To conclude, both initializers are equivalent and do what they are supposed to do.
I would prefer the default member initializer, if I'd use the default constructor anyway, or if all or most constructors would initialize the member to the same value.
class Foo {
private:
int a = 0;
};
If all constructors initialize the member to some different value however, using the default member initializer makes less sense, and then an explicit initialization in the respective constructors would be more clear
class Foo {
private:
int a;
public:
Foo() : a(3) {}
Foo(int i) : a(i) {}
};
The first set of examples are identical to each other.
For the last example, the C++ standard specifies as follows:
12.6.2 Initializing bases and members
[ ... ]
If a given non-static data member has both a
brace-or-equal-initializer and a mem-initializer, the initialization
specified by the mem-initializer is performed, and the non-static data
member’s brace-or-equal-initializer is ignored. [ Example: Given
struct A {
int i = /∗ some integer expression with side effects ∗/ ;
A(int arg) : i(arg) { }
// ...
};
the A(int) constructor will simply initialize i to the value of arg,
and the side effects in i’s brace-or-equal-initializer will not take
place. — end example ]
The two are identical.
One rule of software engineering is DRY -- don't repeat yourself. DRY states that if you can avoid repeating the same token twice, or having two identical lists, you should.

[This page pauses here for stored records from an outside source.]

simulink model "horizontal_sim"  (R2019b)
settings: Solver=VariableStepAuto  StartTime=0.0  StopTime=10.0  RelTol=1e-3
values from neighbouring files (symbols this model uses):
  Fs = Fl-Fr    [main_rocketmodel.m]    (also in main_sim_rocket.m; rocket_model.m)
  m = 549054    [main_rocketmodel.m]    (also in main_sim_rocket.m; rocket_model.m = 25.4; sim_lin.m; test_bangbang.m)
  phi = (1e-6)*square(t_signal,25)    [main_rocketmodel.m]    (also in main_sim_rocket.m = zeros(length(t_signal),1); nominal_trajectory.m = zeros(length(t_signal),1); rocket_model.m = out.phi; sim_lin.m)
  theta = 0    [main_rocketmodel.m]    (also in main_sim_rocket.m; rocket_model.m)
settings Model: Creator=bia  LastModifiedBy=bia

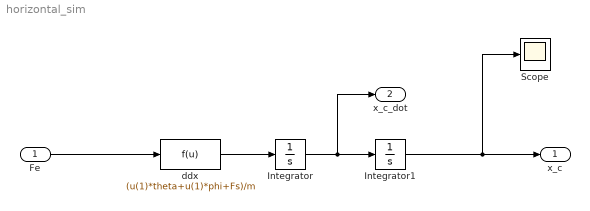
== system horizontal_sim ==
  Fe : Inport
  Integrator : Integrator  ContinuousStateAttributes='x_c_dot'
  Integrator1 : Integrator  ContinuousStateAttributes='x_c'
  Scope : Scope
  ddx : Fcn  Expr=(u(1)*theta+u(1)*phi+Fs)/m
  x_c : Outport
  x_c_dot : Outport  Port=2
  wires:
  Integrator/1 -> x_c_dot/1, Integrator1/1
  Fe/1 -> ddx/1
  Integrator1/1 -> Scope/1, x_c/1
  ddx/1 -> Integrator/1

This is for a few reasons. Maintaining two identical lists is surprisingly error prone; one gets modified, or has a typo, and the other does not. It makes code longer, which can make it harder to read. And avoiding copy-paste coding encourages using some very powerful and expressive techniques that can make what you are doing clearer than doing it manually 17 times.
struct foo {
int a;
foo():a(7) {}
};
here we have repeated ourselves -- the list of member variables, in particular, is listed twice. Once in the definition of foo, and again in the initializer list of foo::foo. If it is missing somewhere, you get uninitialized data.
struct foo {
int a = 7;
foo() {}
};
Here we do not repeat ourselves.
struct foo {
int a = 7;
foo() {}
foo(int i):a(i) {}
};
Here there is some repetition, but the repetition is unavoidable. It is, however, minimized.
There is some cost here, because someone might interpret a=7 to mean "it always starts at 7", and not "the default is 7".
struct foo {
int a = 7;
foo():a(3) {}
foo(int i):a(i) {}
};
And the above is a horrible anti-pattern.
I am sure this question has been asked before. But I cannot seem to find the exact answer that I am looking for. Basically I am trying to create an object of the class as a member of the other class and pass one of the members by reference to the owned object through the constructor. Sometimes this seems to work, other times I get a random value.
I think that I am not understanding some rudimentary rule of initialization order
Here is the code example:
class Foo
{
public:
Foo();
private:
int b;
Bar c;
};
class Bar
{
public:
Bar(int& parm);
private:
int& b_ref;
};
Foo::Foo(): b(0), c(b)
{}
Bar::Bar(int& parm): b_ref(parm)
{}
What I want is for c to own a reference to b and be able see the value as it changes.
Should I not use the initialization list in this case?
The rule is that objects are initialised in the order of their declaration in the class. In this case, it means that b is initialised before c, so this code should always work correctly.
If you swapped the order of the b and c members, then the int referenced by param would not yet be initialised in the constructor of Bar.
class a
{
public:
a() : b(5), a1(10) //will firstly initialize a1 then b, so order here doesn't matter
int a1;
private:
int b;
}
The question is how to change the order (to have b initialized before a1)? I must have public members above private so that solution isn't okay for me. Of course here I use ints, the problem is more complex but it's just an example which shows what is my problem.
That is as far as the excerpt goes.